McCarver is prophetic, CBS pictures aesthetic and the NL pathetic

Phil Jackman

July 14, 1993|By Phil Jackman | Phil Jackman,Staff Writer

The comment was so timely, one might have guessed it was Jeane Dixon providing analysis on the All-Star telecast last night, not Tim McCarver.

No sooner had Atlanta right-hander John Smoltz come on as a reliever as the American Leaguers batted in the sixth inning when McCarver said, "What you have to watch out for here is the wild pitch."

The words were scarcely airborne when Smoltz bounced a pitch by his catcher and a run scored, the seventh by the Americans. To prove it was no fluke, Smoltz flipped another one halfway to the backstop and another run trooped in.

This call proved just one of many gems of information and conjecture dispensed by McCarver and his CBS play-by-play partner Sean McDonough to more than support the network's excellent pictures.

Good thing. After a strong start, the Nationals moved into reverse gear quite abruptly and it was essential that the words be up to sustaining interest.

Similar to the 48,147 lucky dogs at Camden Yards, fans stuck at home watching wanted to see home runs and a win by the home team.

So no matter what kind of a night CBS was having doing the game, it was a sure bet to get passing marks from viewers -- at least hereabout.

Considering the efforts of some of the local stations and ESPN the night before, the network faced a formidable task trying to sustain the madcap interest that has surrounded the All-Star celebration for days.

Despite being hindered by having to donate more than half its time to introduction of the players, etc., the pre-game show was punchy and a worthy lead-in for the action.

Easily the feature of the early going aside from three home runs resulting in a 2-2 tie arrived in the third inning, when the network was all over an incident involving Seattle pitcher Randy Johnson and Philadelphia hitter John Kruk.

The 6-foot-10 left-hander unloaded a fastball about six feet over Kruk's head at supersonic speed, and big, bad John wanted no more of this guy.

Cameras caught AL bench men guffawing, as if to say, "Take that, fella; we see that every day over in our league."

Another isolated shot showed the NL bench and manager Bobby Cox and his coaches shouting in unison, "He did that on purpose."

Whatever, the "intimidation" had its effect, Kruk refusing to come within 10 feet of the plate as he waved at strikes Nos. 2 and 3. Johnson accommodated by dropping down sidearm, thus delivering the ball from somewhere over near first base.

As if admitting it was all a setup, Johnson strode off the mound with a huge smile on his face as he crossed paths with Kruk at the conclusion of the inning.

After days of high excitement in the downtown area, the start of the game seemed calm by comparison, but it didn't take long for things to heat up when Gary Sheffield took AL starter Mark

Langston deep with a man aboard.

In the pre-game introductions, which seemed to take a week, AL manager Cito Gaston caught all sorts of what-for for naming a hundred Toronto Blue Jays to the team.
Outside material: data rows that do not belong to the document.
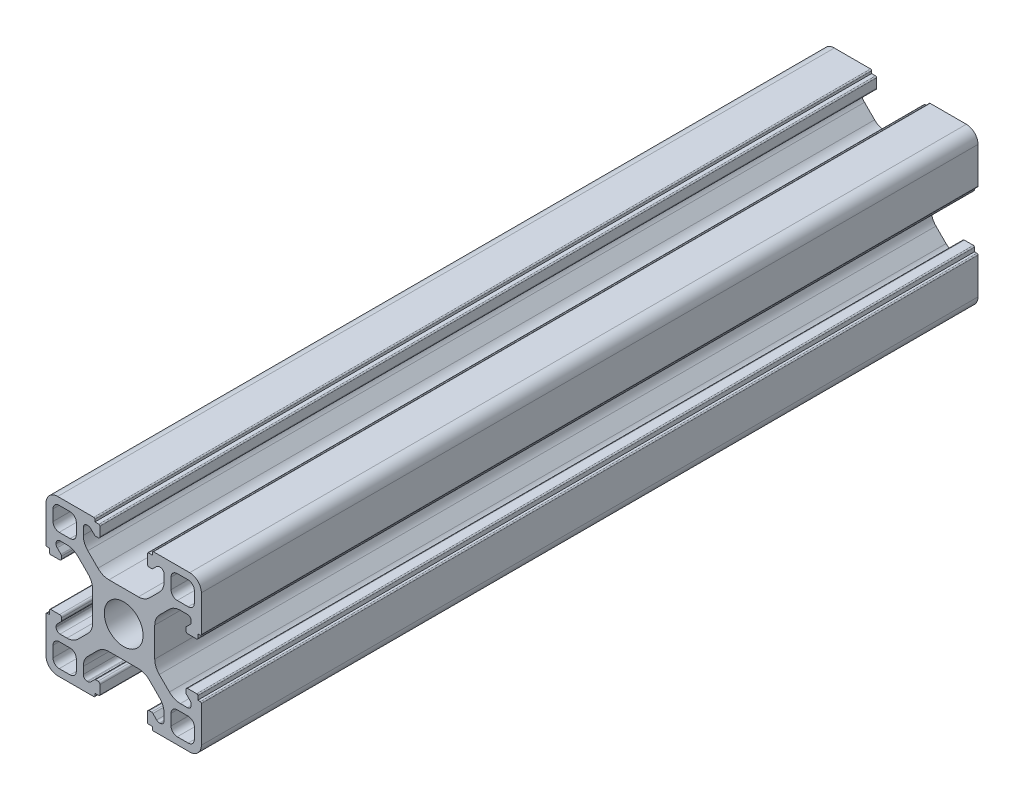
SolidWorks part; units mm, degrees
material "1060 Сплав"
ref_plane "Спереди" through (0, 0, 0) normal (0, 0, 1) x (1, 0, 0)
ref_plane "Сверху" through (0, 0, 0) normal (0, 1, 0) x (1, 0, 0)
ref_plane "Справа" through (0, 0, 0) normal (1, 0, 0) x (0, 0, -1)
sketch "Эскиз1" plane through (0, 0, 0) normal (0, 0, 1) x (1, 0, 0)
  line L0 (9.0997, 9.6536) -> (6.0997, 6.6536) construction
  line L1 (-0.0003, 4.5536) -> (1.8985, 4.5536)
  line L2 (-0.0003, 0.5536) -> (9.9997, 10.5536) construction
  line L3 (7.5997, 8.1536) -> (6.0997, 9.6536) construction
  line L4 (3.3127, 5.1394) -> (4.6139, 6.4406)
  line L5 (6.8997, 6.6536) -> (8.2997, 6.6536)
  line L6 (6.0997, 7.4536) -> (6.0997, 8.8536)
  line L7 (8.2997, 9.6536) -> (6.8997, 9.6536)
  line L8 (5.1997, 8.7536) -> (5.1997, 7.8548)
  line L9 (3.7629, 8.6268) -> (4.2433, 9.1071)
  line L10 (3.1997, 10.1027) -> (3.6997, 10.1027)
  line L11 (3.5862, 8.5536) -> (3.2997, 8.5536)
  line L12 (4.5968, 9.2536) -> (4.6997, 9.2536)
  line L13 (3.6997, 10.4036) -> (3.6997, 10.1027)
  line L14 (3.0497, 9.9527) -> (3.0497, 8.8036)
  line L15 (8.4997, 10.5536) -> (3.8497, 10.5536)
  line L16 (9.0997, 8.8536) -> (9.0997, 7.4536)
  line L17 (9.9997, 9.0536) -> (9.9997, 4.4036)
  line L18 (9.3988, 3.6036) -> (8.2497, 3.6036)
  line L19 (9.8497, 4.2536) -> (9.5488, 4.2536)
  line L20 (8.6997, 5.1507) -> (8.6997, 5.2536)
  line L21 (7.9997, 4.14) -> (7.9997, 3.8536)
  line L22 (9.5488, 3.7536) -> (9.5488, 4.2536)
  line L23 (8.0729, 4.3168) -> (8.5533, 4.7971)
  line L24 (8.1997, 5.7536) -> (7.3009, 5.7536)
  line L25 (4.5855, 3.8666) -> (5.8867, 5.1678)
  line L26 (3.9997, 0.5536) -> (3.9997, 2.4524)
  line L27 (3.9997, 0.5536) -> (3.9997, -1.3452)
  line L28 (4.5855, -2.7594) -> (5.8867, -4.0606)
  line L29 (6.0997, -6.3464) -> (6.0997, -7.7464)
  line L30 (6.8997, -5.5464) -> (8.2997, -5.5464)
  line L31 (9.0997, -7.7464) -> (9.0997, -6.3464)
  line L32 (8.1997, -4.6464) -> (7.3009, -4.6464)
  line L33 (8.0729, -3.2096) -> (8.5533, -3.69)
  line L34 (9.5488, -2.6464) -> (9.5488, -3.1464)
  line L35 (7.9997, -3.0329) -> (7.9997, -2.7464)
  line L36 (8.6997, -4.0435) -> (8.6997, -4.1464)
  line L37 (9.8497, -3.1464) -> (9.5488, -3.1464)
  line L38 (9.3988, -2.4964) -> (8.2497, -2.4964)
  line L39 (9.9997, -7.9464) -> (9.9997, -3.2964)
  line L40 (8.2997, -8.5464) -> (6.8997, -8.5464)
  line L41 (8.4997, -9.4464) -> (3.8497, -9.4464)
  line L42 (3.0497, -8.8455) -> (3.0497, -7.6964)
  line L43 (3.6997, -9.2964) -> (3.6997, -8.9955)
  line L44 (4.5968, -8.1464) -> (4.6997, -8.1464)
  line L45 (3.5862, -7.4464) -> (3.2997, -7.4464)
  line L46 (3.1997, -8.9955) -> (3.6997, -8.9955)
  line L47 (3.7629, -7.5196) -> (4.2433, -8)
  line L48 (5.1997, -7.6464) -> (5.1997, -6.7476)
  line L49 (3.3127, -4.0322) -> (4.6139, -5.3334)
  line L50 (-0.0003, -3.4464) -> (1.8985, -3.4464)
  line L51 (9.0997, -8.5464) -> (6.0997, -5.5464) construction
  line L52 (-0.0003, 0.5536) -> (9.9997, -9.4464) construction
  line L53 (7.5997, -7.0464) -> (9.0997, -5.5464) construction
  line L54 (-0.0003, -3.4464) -> (-1.8991, -3.4464)
  line L55 (-3.3133, -4.0322) -> (-4.6145, -5.3334)
  line L56 (-6.9003, -5.5464) -> (-8.3003, -5.5464)
  line L57 (-6.1003, -6.3464) -> (-6.1003, -7.7464)
  line L58 (-8.3003, -8.5464) -> (-6.9003, -8.5464)
  line L59 (-5.2003, -7.6464) -> (-5.2003, -6.7476)
  line L60 (-3.7635, -7.5196) -> (-4.2438, -8)
  line L61 (-3.2003, -8.9955) -> (-3.7003, -8.9955)
  line L62 (-3.5867, -7.4464) -> (-3.3003, -7.4464)
  line L63 (-4.5974, -8.1464) -> (-4.7003, -8.1464)
  line L64 (-3.7003, -9.2964) -> (-3.7003, -8.9955)
  line L65 (-3.0503, -8.8455) -> (-3.0503, -7.6964)
  line L66 (-8.5003, -9.4464) -> (-3.8503, -9.4464)
  line L67 (-9.1003, -7.7464) -> (-9.1003, -6.3464)
  line L68 (-10.0003, -7.9464) -> (-10.0003, -3.2964)
  line L69 (-9.3994, -2.4964) -> (-8.2503, -2.4964)
  line L70 (-9.8503, -3.1464) -> (-9.5494, -3.1464)
  line L71 (-8.7003, -4.0435) -> (-8.7003, -4.1464)
  line L72 (-8.0003, -3.0329) -> (-8.0003, -2.7464)
  line L73 (-9.5494, -2.6464) -> (-9.5494, -3.1464)
  line L74 (-8.0735, -3.2096) -> (-8.5538, -3.69)
  line L75 (-8.2003, -4.6464) -> (-7.3015, -4.6464)
  line L76 (-4.5861, -2.7594) -> (-5.8873, -4.0606)
  line L77 (-4.0003, 0.5536) -> (-4.0003, -1.3452)
  line L78 (-9.1003, -8.5464) -> (-6.1003, -5.5464) construction
  line L79 (-0.0003, 0.5536) -> (-10.0003, -9.4464) construction
  line L80 (-7.6003, -7.0464) -> (-6.1003, -8.5464) construction
  line L81 (-4.0003, 0.5536) -> (-4.0003, 2.4524)
  line L82 (-4.5861, 3.8666) -> (-5.8873, 5.1678)
  line L83 (-6.1003, 7.4536) -> (-6.1003, 8.8536)
  line L84 (-6.9003, 6.6536) -> (-8.3003, 6.6536)
  line L85 (-9.1003, 8.8536) -> (-9.1003, 7.4536)
  line L86 (-8.2003, 5.7536) -> (-7.3015, 5.7536)
  line L87 (-8.0735, 4.3168) -> (-8.5538, 4.7971)
  line L88 (-9.5494, 3.7536) -> (-9.5494, 4.2536)
  line L89 (-8.0003, 4.14) -> (-8.0003, 3.8536)
  line L90 (-8.7003, 5.1507) -> (-8.7003, 5.2536)
  line L91 (-9.8503, 4.2536) -> (-9.5494, 4.2536)
  line L92 (-9.3994, 3.6036) -> (-8.2503, 3.6036)
  line L93 (-10.0003, 9.0536) -> (-10.0003, 4.4036)
  line L94 (-8.3003, 9.6536) -> (-6.9003, 9.6536)
  line L95 (-8.5003, 10.5536) -> (-3.8503, 10.5536)
  line L96 (-3.0503, 9.9527) -> (-3.0503, 8.8036)
  line L97 (-3.7003, 10.4036) -> (-3.7003, 10.1027)
  line L98 (-4.5974, 9.2536) -> (-4.7003, 9.2536)
  line L99 (-3.5867, 8.5536) -> (-3.3003, 8.5536)
  line L100 (-3.2003, 10.1027) -> (-3.7003, 10.1027)
  line L101 (-3.7635, 8.6268) -> (-4.2438, 9.1071)
  line L102 (-5.2003, 8.7536) -> (-5.2003, 7.8548)
  line L103 (-3.3133, 5.1394) -> (-4.6145, 6.4406)
  line L104 (-0.0003, 4.5536) -> (-1.8991, 4.5536)
  line L105 (-11.7644, 0.5536) -> (11.5041, 0.5536) construction
  line L106 (-9.1003, 9.6536) -> (-6.1003, 6.6536) construction
  line L107 (-0.0003, -11.5328) -> (-0.0003, 11.2725) construction
  line L108 (-0.0003, 0.5536) -> (-10.0003, 10.5536) construction
  line L109 (-7.6003, 8.1536) -> (-9.1003, 6.6536) construction
  arc A0 (9.0997, 8.8536) -> (8.2997, 9.6536) centre (8.2997, 8.8536) ccw
  arc A1 (6.8997, 9.6536) -> (6.0997, 8.8536) centre (6.8997, 8.8536) ccw
  arc A2 (6.8997, 6.6536) -> (6.0997, 7.4536) centre (6.8997, 7.4536) cw
  arc A3 (8.4997, 10.5536) -> (9.9997, 9.0536) centre (8.4997, 9.0536) cw
  arc A4 (3.1997, 10.1027) -> (3.0497, 9.9527) centre (3.1997, 9.9527) ccw
  arc A5 (3.8497, 10.5536) -> (3.6997, 10.4036) centre (3.8497, 10.4036) ccw
  arc A6 (3.5862, 8.5536) -> (3.7629, 8.6268) centre (3.5862, 8.8036) ccw
  arc A7 (3.2997, 8.5536) -> (3.0497, 8.8036) centre (3.2997, 8.8036) cw
  arc A8 (4.2433, 9.1071) -> (4.5968, 9.2536) centre (4.5968, 8.7536) cw
  arc A9 (4.6997, 9.2536) -> (5.1997, 8.7536) centre (4.6997, 8.7536) cw
  arc A10 (2.4997, 0.5536) -> (-0.0003, 3.0536) centre (-0.0003, 0.5536) ccw
  arc A11 (1.8985, 4.5536) -> (3.3127, 5.1394) centre (1.8985, 6.5536) ccw
  arc A12 (5.1997, 7.8548) -> (4.6139, 6.4406) centre (3.1997, 7.8548) cw
  arc A13 (9.0997, 7.4536) -> (8.2997, 6.6536) centre (8.2997, 7.4536) cw
  arc A14 (8.6997, 5.2536) -> (8.1997, 5.7536) centre (8.1997, 5.2536) ccw
  arc A15 (8.5533, 4.7971) -> (8.6997, 5.1507) centre (8.1997, 5.1507) ccw
  arc A16 (7.9997, 3.8536) -> (8.2497, 3.6036) centre (8.2497, 3.8536) ccw
  arc A17 (7.9997, 4.14) -> (8.0729, 4.3168) centre (8.2497, 4.14) cw
  arc A18 (9.9997, 4.4036) -> (9.8497, 4.2536) centre (9.8497, 4.4036) cw
  arc A19 (9.5488, 3.7536) -> (9.3988, 3.6036) centre (9.3988, 3.7536) cw
  arc A20 (7.3009, 5.7536) -> (5.8867, 5.1678) centre (7.3009, 3.7536) ccw
  arc A21 (3.9997, 2.4524) -> (4.5855, 3.8666) centre (5.9997, 2.4524) cw
  arc A22 (8.2997, -8.5464) -> (9.0997, -7.7464) centre (8.2997, -7.7464) ccw
  arc A23 (9.0997, -6.3464) -> (8.2997, -5.5464) centre (8.2997, -6.3464) ccw
  arc A24 (6.0997, -6.3464) -> (6.8997, -5.5464) centre (6.8997, -6.3464) cw
  arc A25 (9.9997, -7.9464) -> (8.4997, -9.4464) centre (8.4997, -7.9464) cw
  arc A26 (9.5488, -2.6464) -> (9.3988, -2.4964) centre (9.3988, -2.6464) ccw
  arc A27 (9.9997, -3.2964) -> (9.8497, -3.1464) centre (9.8497, -3.2964) ccw
  arc A28 (7.9997, -3.0329) -> (8.0729, -3.2096) centre (8.2497, -3.0329) ccw
  arc A29 (7.9997, -2.7464) -> (8.2497, -2.4964) centre (8.2497, -2.7464) cw
  arc A30 (8.5533, -3.69) -> (8.6997, -4.0435) centre (8.1997, -4.0435) cw
  arc A31 (8.6997, -4.1464) -> (8.1997, -4.6464) centre (8.1997, -4.1464) cw
  arc A32 (-0.0003, -1.9464) -> (2.4997, 0.5536) centre (-0.0003, 0.5536) ccw
  arc A33 (3.9997, -1.3452) -> (4.5855, -2.7594) centre (5.9997, -1.3452) ccw
  arc A34 (7.3009, -4.6464) -> (5.8867, -4.0606) centre (7.3009, -2.6464) cw
  arc A35 (6.8997, -8.5464) -> (6.0997, -7.7464) centre (6.8997, -7.7464) cw
  arc A36 (4.6997, -8.1464) -> (5.1997, -7.6464) centre (4.6997, -7.6464) ccw
  arc A37 (4.2433, -8) -> (4.5968, -8.1464) centre (4.5968, -7.6464) ccw
  arc A38 (3.2997, -7.4464) -> (3.0497, -7.6964) centre (3.2997, -7.6964) ccw
  arc A39 (3.5862, -7.4464) -> (3.7629, -7.5196) centre (3.5862, -7.6964) cw
  arc A40 (3.8497, -9.4464) -> (3.6997, -9.2964) centre (3.8497, -9.2964) cw
  arc A41 (3.1997, -8.9955) -> (3.0497, -8.8455) centre (3.1997, -8.8455) cw
  arc A42 (5.1997, -6.7476) -> (4.6139, -5.3334) centre (3.1997, -6.7476) ccw
  arc A43 (1.8985, -3.4464) -> (3.3127, -4.0322) centre (1.8985, -5.4464) cw
  arc A44 (-9.1003, -7.7464) -> (-8.3003, -8.5464) centre (-8.3003, -7.7464) ccw
  arc A45 (-6.9003, -8.5464) -> (-6.1003, -7.7464) centre (-6.9003, -7.7464) ccw
  arc A46 (-6.9003, -5.5464) -> (-6.1003, -6.3464) centre (-6.9003, -6.3464) cw
  arc A47 (-8.5003, -9.4464) -> (-10.0003, -7.9464) centre (-8.5003, -7.9464) cw
  arc A48 (-3.2003, -8.9955) -> (-3.0503, -8.8455) centre (-3.2003, -8.8455) ccw
  arc A49 (-3.8503, -9.4464) -> (-3.7003, -9.2964) centre (-3.8503, -9.2964) ccw
  arc A50 (-3.5867, -7.4464) -> (-3.7635, -7.5196) centre (-3.5867, -7.6964) ccw
  arc A51 (-3.3003, -7.4464) -> (-3.0503, -7.6964) centre (-3.3003, -7.6964) cw
  arc A52 (-4.2438, -8) -> (-4.5974, -8.1464) centre (-4.5974, -7.6464) cw
  arc A53 (-4.7003, -8.1464) -> (-5.2003, -7.6464) centre (-4.7003, -7.6464) cw
  arc A54 (-2.5003, 0.5536) -> (-0.0003, -1.9464) centre (-0.0003, 0.5536) ccw
  arc A55 (-1.8991, -3.4464) -> (-3.3133, -4.0322) centre (-1.8991, -5.4464) ccw
  arc A56 (-5.2003, -6.7476) -> (-4.6145, -5.3334) centre (-3.2003, -6.7476) cw
  arc A57 (-9.1003, -6.3464) -> (-8.3003, -5.5464) centre (-8.3003, -6.3464) cw
  arc A58 (-8.7003, -4.1464) -> (-8.2003, -4.6464) centre (-8.2003, -4.1464) ccw
  arc A59 (-8.5538, -3.69) -> (-8.7003, -4.0435) centre (-8.2003, -4.0435) ccw
  arc A60 (-8.0003, -2.7464) -> (-8.2503, -2.4964) centre (-8.2503, -2.7464) ccw
  arc A61 (-8.0003, -3.0329) -> (-8.0735, -3.2096) centre (-8.2503, -3.0329) cw
  arc A62 (-10.0003, -3.2964) -> (-9.8503, -3.1464) centre (-9.8503, -3.2964) cw
  arc A63 (-9.5494, -2.6464) -> (-9.3994, -2.4964) centre (-9.3994, -2.6464) cw
  arc A64 (-7.3015, -4.6464) -> (-5.8873, -4.0606) centre (-7.3015, -2.6464) ccw
  arc A65 (-4.0003, -1.3452) -> (-4.5861, -2.7594) centre (-6.0003, -1.3452) cw
  arc A66 (-8.3003, 9.6536) -> (-9.1003, 8.8536) centre (-8.3003, 8.8536) ccw
  arc A67 (-9.1003, 7.4536) -> (-8.3003, 6.6536) centre (-8.3003, 7.4536) ccw
  arc A68 (-6.1003, 7.4536) -> (-6.9003, 6.6536) centre (-6.9003, 7.4536) cw
  arc A69 (-10.0003, 9.0536) -> (-8.5003, 10.5536) centre (-8.5003, 9.0536) cw
  arc A70 (-9.5494, 3.7536) -> (-9.3994, 3.6036) centre (-9.3994, 3.7536) ccw
  arc A71 (-10.0003, 4.4036) -> (-9.8503, 4.2536) centre (-9.8503, 4.4036) ccw
  arc A72 (-8.0003, 4.14) -> (-8.0735, 4.3168) centre (-8.2503, 4.14) ccw
  arc A73 (-8.0003, 3.8536) -> (-8.2503, 3.6036) centre (-8.2503, 3.8536) cw
  arc A74 (-8.5538, 4.7971) -> (-8.7003, 5.1507) centre (-8.2003, 5.1507) cw
  arc A75 (-8.7003, 5.2536) -> (-8.2003, 5.7536) centre (-8.2003, 5.2536) cw
  arc A76 (-0.0003, 3.0536) -> (-2.5003, 0.5536) centre (-0.0003, 0.5536) ccw
  arc A77 (-4.0003, 2.4524) -> (-4.5861, 3.8666) centre (-6.0003, 2.4524) ccw
  arc A78 (-7.3015, 5.7536) -> (-5.8873, 5.1678) centre (-7.3015, 3.7536) cw
  arc A79 (-6.9003, 9.6536) -> (-6.1003, 8.8536) centre (-6.9003, 8.8536) cw
  arc A80 (-4.7003, 9.2536) -> (-5.2003, 8.7536) centre (-4.7003, 8.7536) ccw
  arc A81 (-4.2438, 9.1071) -> (-4.5974, 9.2536) centre (-4.5974, 8.7536) ccw
  arc A82 (-3.3003, 8.5536) -> (-3.0503, 8.8036) centre (-3.3003, 8.8036) ccw
  arc A83 (-3.5867, 8.5536) -> (-3.7635, 8.6268) centre (-3.5867, 8.8036) cw
  arc A84 (-3.8503, 10.5536) -> (-3.7003, 10.4036) centre (-3.8503, 10.4036) cw
  arc A85 (-3.2003, 10.1027) -> (-3.0503, 9.9527) centre (-3.2003, 9.9527) cw
  arc A86 (-5.2003, 7.8548) -> (-4.6145, 6.4406) centre (-3.2003, 7.8548) ccw
  arc A87 (-1.8991, 4.5536) -> (-3.3133, 5.1394) centre (-1.8991, 6.5536) cw
  point P0 (-0.0003, 0.5536)
  point P9 (-0.0003, 0.5536)
  point P40 (8.6997, 4.2536)
  point P93 (3.6997, -8.1464)
  point P144 (3.6997, 9.2536)
  point P152 (8.6997, -3.1464)
  point P153 (-0.0003, -3.3707)
  point P154 (-0.0003, 0.5536)
  point P189 (-8.7003, -3.1464)
  point P228 (-3.7003, -8.1464)
  point P229 (-3.9246, 0.5536)
  point P230 (-0.0003, 0.5536)
  point P268 (-3.7003, 9.2536)
  point P273 (3.924, 0.5536)
  point P306 (-8.7003, 4.2536)
  point P307 (-0.0003, 4.4778)
  point P309 (-0.0003, 0.5536)
  point P310 (0, 0)
  point P311 (0, 0)
  point P312 (0, 0)
  point P313 (0, 0)
  dimension "D2" = 5
  dimension "D5" = 2
  dimension "D1" = 6
  dimension "D3" = 4
  dimension "D4" = 0.9
extrude "Бобышка-Вытянуть1" add sketch "Эскиз1" along normal blind 100

Actually, the fans should have saved some of the wrath for his selection of Langston to start the game.

The lefty of the California Angels looked the part of the perfect batting-practice pitcher as he laid slow-breaking curves on the bats of the Nationals. What did we ever do before the center-field camera?

Once the powerful Americans were back in it with homers by Kirby Puckett in the second frame and Roberto Alomar an inning later, and moved ahead smartly with bursts of three in the fifth and sixth innings, it was now the announcers' time.

McDonough and McCarver, who are as smooth together as any team in the business despite working together just once a week, were at the top of their games offering interesting tidbits.

McDonough told the story of Chicago Cubs second baseman Ryne Sandberg doing rehab work in Florida up into May and the perennial All-Star asking his Single-A teammates about the postgame spread in the clubhouse. One of his mates mentioned that at that level of play, the concessionaire might drop off a few hot dogs from time to time.

With each batter, star or relative unknown, one of the Macs had an interesting side story, a welcome relief from those endless dissertations on pitcher-batter and base-running strategies, which have a tendency to induce coma.

For instance, did you know that Oakland catcher Terry Steinbach still holds the hockey scoring record at his high school in &L Minnesota? Or that the all-time batting average for the All-Star Game is .243?

There were dozens of other inserts that, although hardly earth-shaking, had the desired effect of keeping one's interest as the Americans drew farther and farther away.

As far as AL fans were concerned, CBS picked an opportune time to show a tape of Bobby Cox's pre-game pep talk, the NL manager pointing out, "We're a much better league, I think, than the American League."

CBS no doubt made a huge hit with area viewers when Cal Ripken was interviewed on the pre-game show -- "No, I don't think my playing every game hurts the ballclub" -- and doubled back to catch him in the clubhouse after he had been taken out of the game. Yes, it's true, he came out.

It didn't hurt either that Brooks Robinson was featured on an American Express ad, extolling the virtue of the game and the Hall of Fame.